--- LISTED ENTRIES Enclosed Below ---

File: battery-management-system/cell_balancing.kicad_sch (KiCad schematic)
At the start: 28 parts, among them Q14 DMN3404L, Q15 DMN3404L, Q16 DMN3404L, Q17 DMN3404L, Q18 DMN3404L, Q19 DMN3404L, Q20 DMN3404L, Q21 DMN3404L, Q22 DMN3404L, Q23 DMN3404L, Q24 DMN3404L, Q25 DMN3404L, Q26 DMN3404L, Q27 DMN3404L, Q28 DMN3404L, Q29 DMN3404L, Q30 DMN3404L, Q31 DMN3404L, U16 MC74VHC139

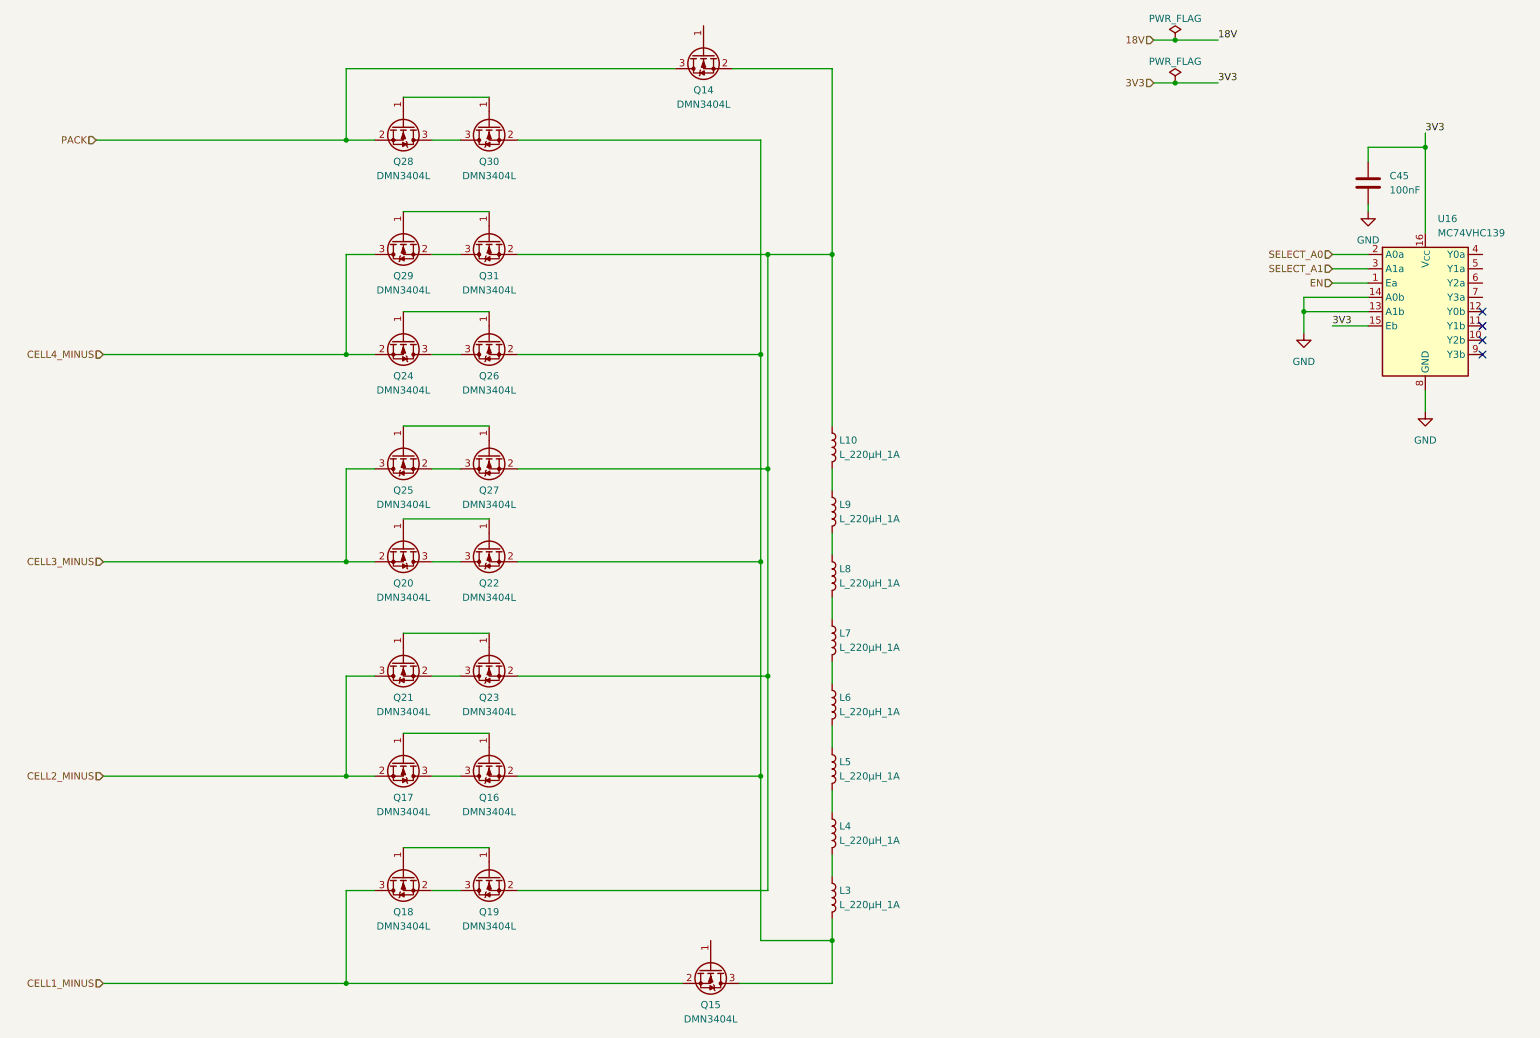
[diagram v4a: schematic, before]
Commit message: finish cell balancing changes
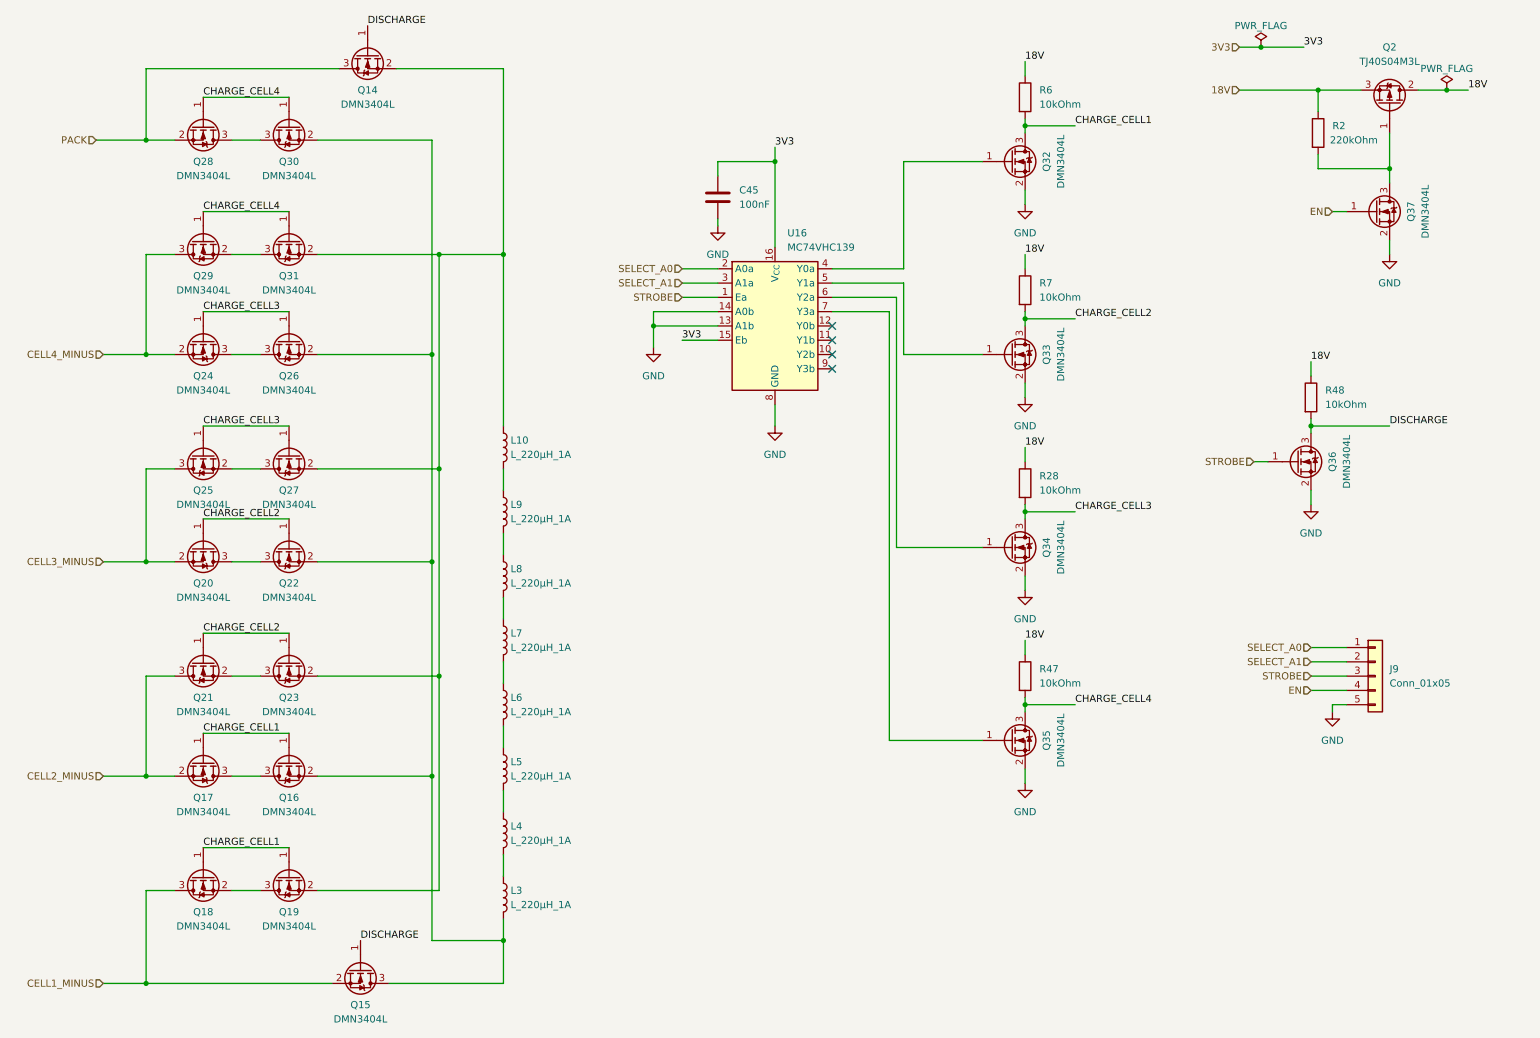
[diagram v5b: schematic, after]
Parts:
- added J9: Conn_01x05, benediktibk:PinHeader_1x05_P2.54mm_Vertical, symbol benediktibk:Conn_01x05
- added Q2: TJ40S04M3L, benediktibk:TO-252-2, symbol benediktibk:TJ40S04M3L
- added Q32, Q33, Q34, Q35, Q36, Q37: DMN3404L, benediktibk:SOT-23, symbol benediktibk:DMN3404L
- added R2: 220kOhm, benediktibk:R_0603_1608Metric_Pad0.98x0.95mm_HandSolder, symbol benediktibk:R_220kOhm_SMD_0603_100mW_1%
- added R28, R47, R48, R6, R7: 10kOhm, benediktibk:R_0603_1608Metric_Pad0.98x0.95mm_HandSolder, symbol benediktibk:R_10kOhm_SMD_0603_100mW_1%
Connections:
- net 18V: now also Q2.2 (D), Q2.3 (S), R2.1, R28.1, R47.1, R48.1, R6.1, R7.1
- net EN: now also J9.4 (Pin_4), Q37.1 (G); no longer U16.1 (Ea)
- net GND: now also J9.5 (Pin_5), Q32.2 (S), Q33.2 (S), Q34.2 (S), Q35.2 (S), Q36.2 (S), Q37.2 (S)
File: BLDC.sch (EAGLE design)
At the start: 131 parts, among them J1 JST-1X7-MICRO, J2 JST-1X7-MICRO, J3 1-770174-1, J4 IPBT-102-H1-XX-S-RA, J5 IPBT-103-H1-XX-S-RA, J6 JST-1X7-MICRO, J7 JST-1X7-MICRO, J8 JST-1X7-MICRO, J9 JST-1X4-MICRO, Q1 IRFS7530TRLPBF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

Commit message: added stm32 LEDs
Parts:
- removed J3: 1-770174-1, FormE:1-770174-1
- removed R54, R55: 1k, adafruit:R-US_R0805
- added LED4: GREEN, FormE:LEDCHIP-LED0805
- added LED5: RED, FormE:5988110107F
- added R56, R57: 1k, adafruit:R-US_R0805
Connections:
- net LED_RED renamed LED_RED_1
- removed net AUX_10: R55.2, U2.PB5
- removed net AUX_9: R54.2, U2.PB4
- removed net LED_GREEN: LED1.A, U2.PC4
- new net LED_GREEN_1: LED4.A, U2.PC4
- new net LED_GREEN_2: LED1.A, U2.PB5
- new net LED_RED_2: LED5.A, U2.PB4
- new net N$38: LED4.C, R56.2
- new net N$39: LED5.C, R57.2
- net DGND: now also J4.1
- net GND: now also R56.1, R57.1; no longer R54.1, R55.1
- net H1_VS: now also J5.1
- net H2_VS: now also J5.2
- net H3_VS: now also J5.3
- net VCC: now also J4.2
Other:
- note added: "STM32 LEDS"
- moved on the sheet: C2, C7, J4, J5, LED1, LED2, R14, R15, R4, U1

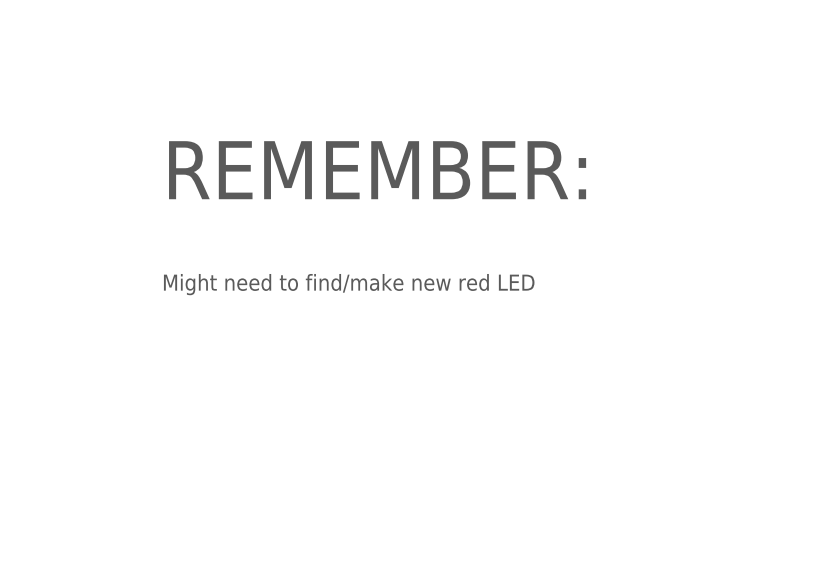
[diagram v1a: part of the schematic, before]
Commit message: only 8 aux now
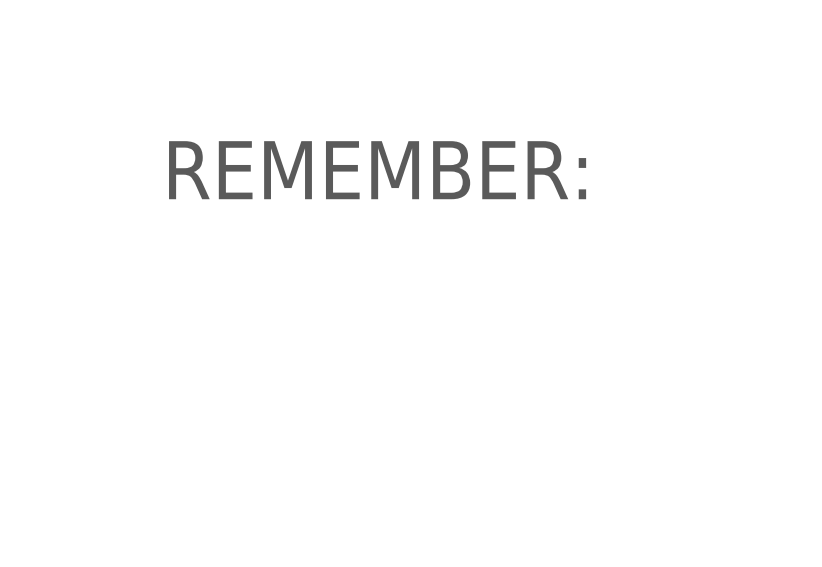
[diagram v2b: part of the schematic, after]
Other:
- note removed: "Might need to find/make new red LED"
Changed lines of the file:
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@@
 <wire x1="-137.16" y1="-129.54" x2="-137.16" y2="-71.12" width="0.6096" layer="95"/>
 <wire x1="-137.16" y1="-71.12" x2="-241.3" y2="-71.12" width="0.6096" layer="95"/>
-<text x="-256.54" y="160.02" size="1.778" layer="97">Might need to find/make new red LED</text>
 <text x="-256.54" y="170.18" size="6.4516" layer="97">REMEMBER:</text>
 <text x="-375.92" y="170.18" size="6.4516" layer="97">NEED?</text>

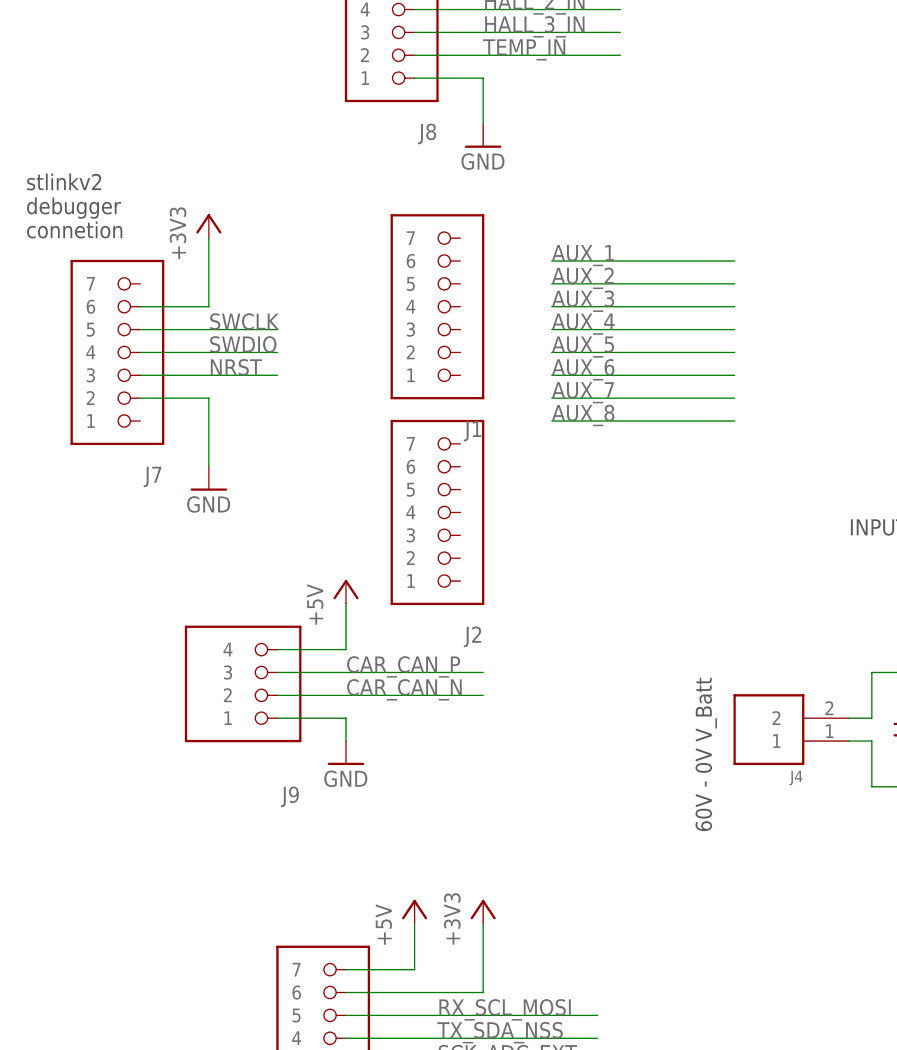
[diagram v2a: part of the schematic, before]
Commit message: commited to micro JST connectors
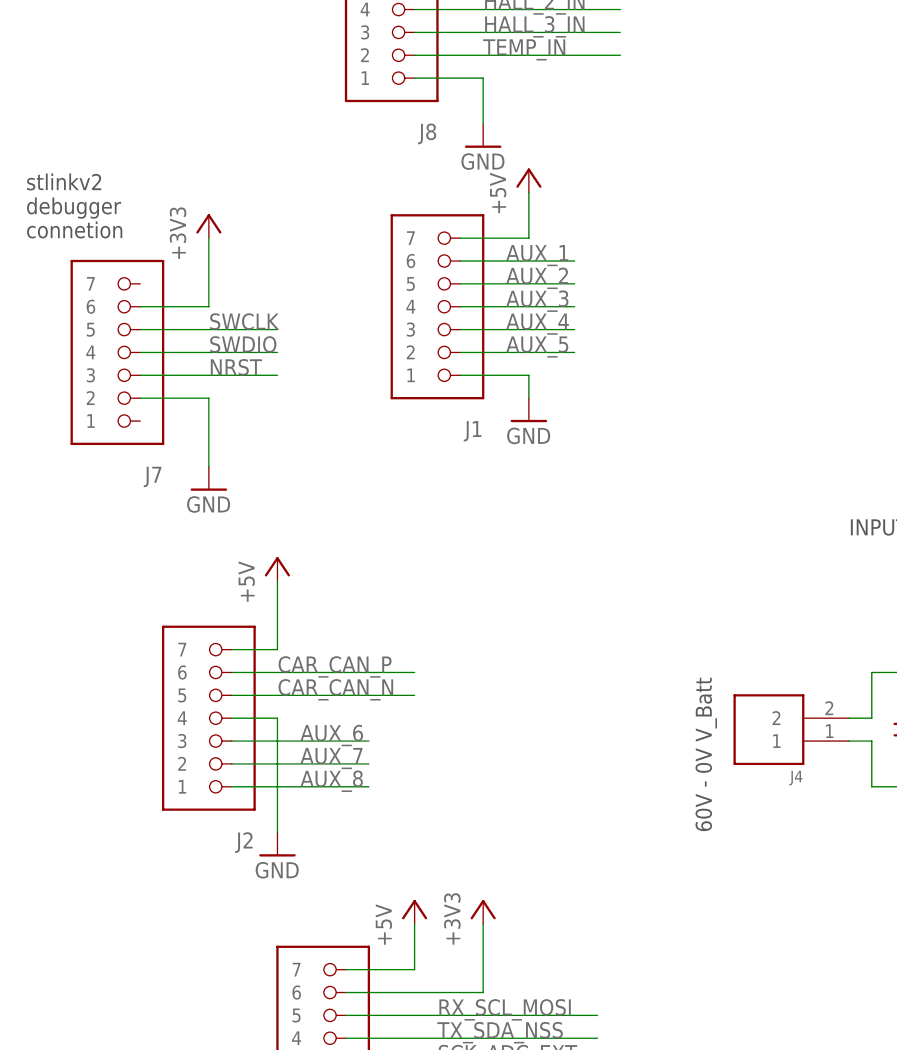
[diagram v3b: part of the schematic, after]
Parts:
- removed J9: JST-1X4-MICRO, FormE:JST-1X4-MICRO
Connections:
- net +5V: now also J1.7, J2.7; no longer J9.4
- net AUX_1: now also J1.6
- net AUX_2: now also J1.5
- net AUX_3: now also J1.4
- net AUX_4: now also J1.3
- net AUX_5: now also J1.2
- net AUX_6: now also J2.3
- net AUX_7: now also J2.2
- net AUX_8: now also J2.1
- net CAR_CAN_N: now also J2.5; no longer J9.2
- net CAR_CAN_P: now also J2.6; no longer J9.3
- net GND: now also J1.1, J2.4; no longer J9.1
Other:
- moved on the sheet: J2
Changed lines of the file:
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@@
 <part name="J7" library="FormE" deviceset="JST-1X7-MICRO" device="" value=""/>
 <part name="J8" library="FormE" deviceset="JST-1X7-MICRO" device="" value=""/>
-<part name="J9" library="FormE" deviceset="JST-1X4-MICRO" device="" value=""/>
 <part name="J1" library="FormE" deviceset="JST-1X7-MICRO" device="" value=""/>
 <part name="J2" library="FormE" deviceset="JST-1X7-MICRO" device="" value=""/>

--- End of Enclosed LISTED ENTRIES ---

THE TASK: Pictures aside, give the data again exactly as it appears.

COMPLETED EXERCISE:
File: battery-management-system/cell_balancing.kicad_sch (KiCad schematic)
At the start: 28 parts, among them Q14 DMN3404L, Q15 DMN3404L, Q16 DMN3404L, Q17 DMN3404L, Q18 DMN3404L, Q19 DMN3404L, Q20 DMN3404L, Q21 DMN3404L, Q22 DMN3404L, Q23 DMN3404L, Q24 DMN3404L, Q25 DMN3404L, Q26 DMN3404L, Q27 DMN3404L, Q28 DMN3404L, Q29 DMN3404L, Q30 DMN3404L, Q31 DMN3404L, U16 MC74VHC139

[diagram v4a: schematic, before]
Commit message: finish cell balancing changes
[diagram v5b: schematic, after]
Parts:
- added J9: Conn_01x05, benediktibk:PinHeader_1x05_P2.54mm_Vertical, symbol benediktibk:Conn_01x05
- added Q2: TJ40S04M3L, benediktibk:TO-252-2, symbol benediktibk:TJ40S04M3L
- added Q32, Q33, Q34, Q35, Q36, Q37: DMN3404L, benediktibk:SOT-23, symbol benediktibk:DMN3404L
- added R2: 220kOhm, benediktibk:R_0603_1608Metric_Pad0.98x0.95mm_HandSolder, symbol benediktibk:R_220kOhm_SMD_0603_100mW_1%
- added R28, R47, R48, R6, R7: 10kOhm, benediktibk:R_0603_1608Metric_Pad0.98x0.95mm_HandSolder, symbol benediktibk:R_10kOhm_SMD_0603_100mW_1%
Connections:
- net 18V: now also Q2.2 (D), Q2.3 (S), R2.1, R28.1, R47.1, R48.1, R6.1, R7.1
- net EN: now also J9.4 (Pin_4), Q37.1 (G); no longer U16.1 (Ea)
- net GND: now also J9.5 (Pin_5), Q32.2 (S), Q33.2 (S), Q34.2 (S), Q35.2 (S), Q36.2 (S), Q37.2 (S)
File: BLDC.sch (EAGLE design)
At the start: 131 parts, among them J1 JST-1X7-MICRO, J2 JST-1X7-MICRO, J3 1-770174-1, J4 IPBT-102-H1-XX-S-RA, J5 IPBT-103-H1-XX-S-RA, J6 JST-1X7-MICRO, J7 JST-1X7-MICRO, J8 JST-1X7-MICRO, J9 JST-1X4-MICRO, Q1 IRFS7530TRLPBF

Commit message: added stm32 LEDs
Parts:
- removed J3: 1-770174-1, FormE:1-770174-1
- removed R54, R55: 1k, adafruit:R-US_R0805
- added LED4: GREEN, FormE:LEDCHIP-LED0805
- added LED5: RED, FormE:5988110107F
- added R56, R57: 1k, adafruit:R-US_R0805
Connections:
- net LED_RED renamed LED_RED_1
- removed net AUX_10: R55.2, U2.PB5
- removed net AUX_9: R54.2, U2.PB4
- removed net LED_GREEN: LED1.A, U2.PC4
- new net LED_GREEN_1: LED4.A, U2.PC4
- new net LED_GREEN_2: LED1.A, U2.PB5
- new net LED_RED_2: LED5.A, U2.PB4
- new net N$38: LED4.C, R56.2
- new net N$39: LED5.C, R57.2
- net DGND: now also J4.1
- net GND: now also R56.1, R57.1; no longer R54.1, R55.1
- net H1_VS: now also J5.1
- net H2_VS: now also J5.2
- net H3_VS: now also J5.3
- net VCC: now also J4.2
Other:
- note added: "STM32 LEDS"
- moved on the sheet: C2, C7, J4, J5, LED1, LED2, R14, R15, R4, U1

[diagram v1a: part of the schematic, before]
Commit message: only 8 aux now
[diagram v2b: part of the schematic, after]
Other:
- note removed: "Might need to find/make new red LED"
Changed lines of the file:
@@
 <wire x1="-137.16" y1="-129.54" x2="-137.16" y2="-71.12" width="0.6096" layer="95"/>
 <wire x1="-137.16" y1="-71.12" x2="-241.3" y2="-71.12" width="0.6096" layer="95"/>
-<text x="-256.54" y="160.02" size="1.778" layer="97">Might need to find/make new red LED</text>
 <text x="-256.54" y="170.18" size="6.4516" layer="97">REMEMBER:</text>
 <text x="-375.92" y="170.18" size="6.4516" layer="97">NEED?</text>

[diagram v2a: part of the schematic, before]
Commit message: commited to micro JST connectors
[diagram v3b: part of the schematic, after]
Parts:
- removed J9: JST-1X4-MICRO, FormE:JST-1X4-MICRO
Connections:
- net +5V: now also J1.7, J2.7; no longer J9.4
- net AUX_1: now also J1.6
- net AUX_2: now also J1.5
- net AUX_3: now also J1.4
- net AUX_4: now also J1.3
- net AUX_5: now also J1.2
- net AUX_6: now also J2.3
- net AUX_7: now also J2.2
- net AUX_8: now also J2.1
- net CAR_CAN_N: now also J2.5; no longer J9.2
- net CAR_CAN_P: now also J2.6; no longer J9.3
- net GND: now also J1.1, J2.4; no longer J9.1
Other:
- moved on the sheet: J2
Changed lines of the file:
@@
 <part name="J7" library="FormE" deviceset="JST-1X7-MICRO" device="" value=""/>
 <part name="J8" library="FormE" deviceset="JST-1X7-MICRO" device="" value=""/>
-<part name="J9" library="FormE" deviceset="JST-1X4-MICRO" device="" value=""/>
 <part name="J1" library="FormE" deviceset="JST-1X7-MICRO" device="" value=""/>
 <part name="J2" library="FormE" deviceset="JST-1X7-MICRO" device="" value=""/>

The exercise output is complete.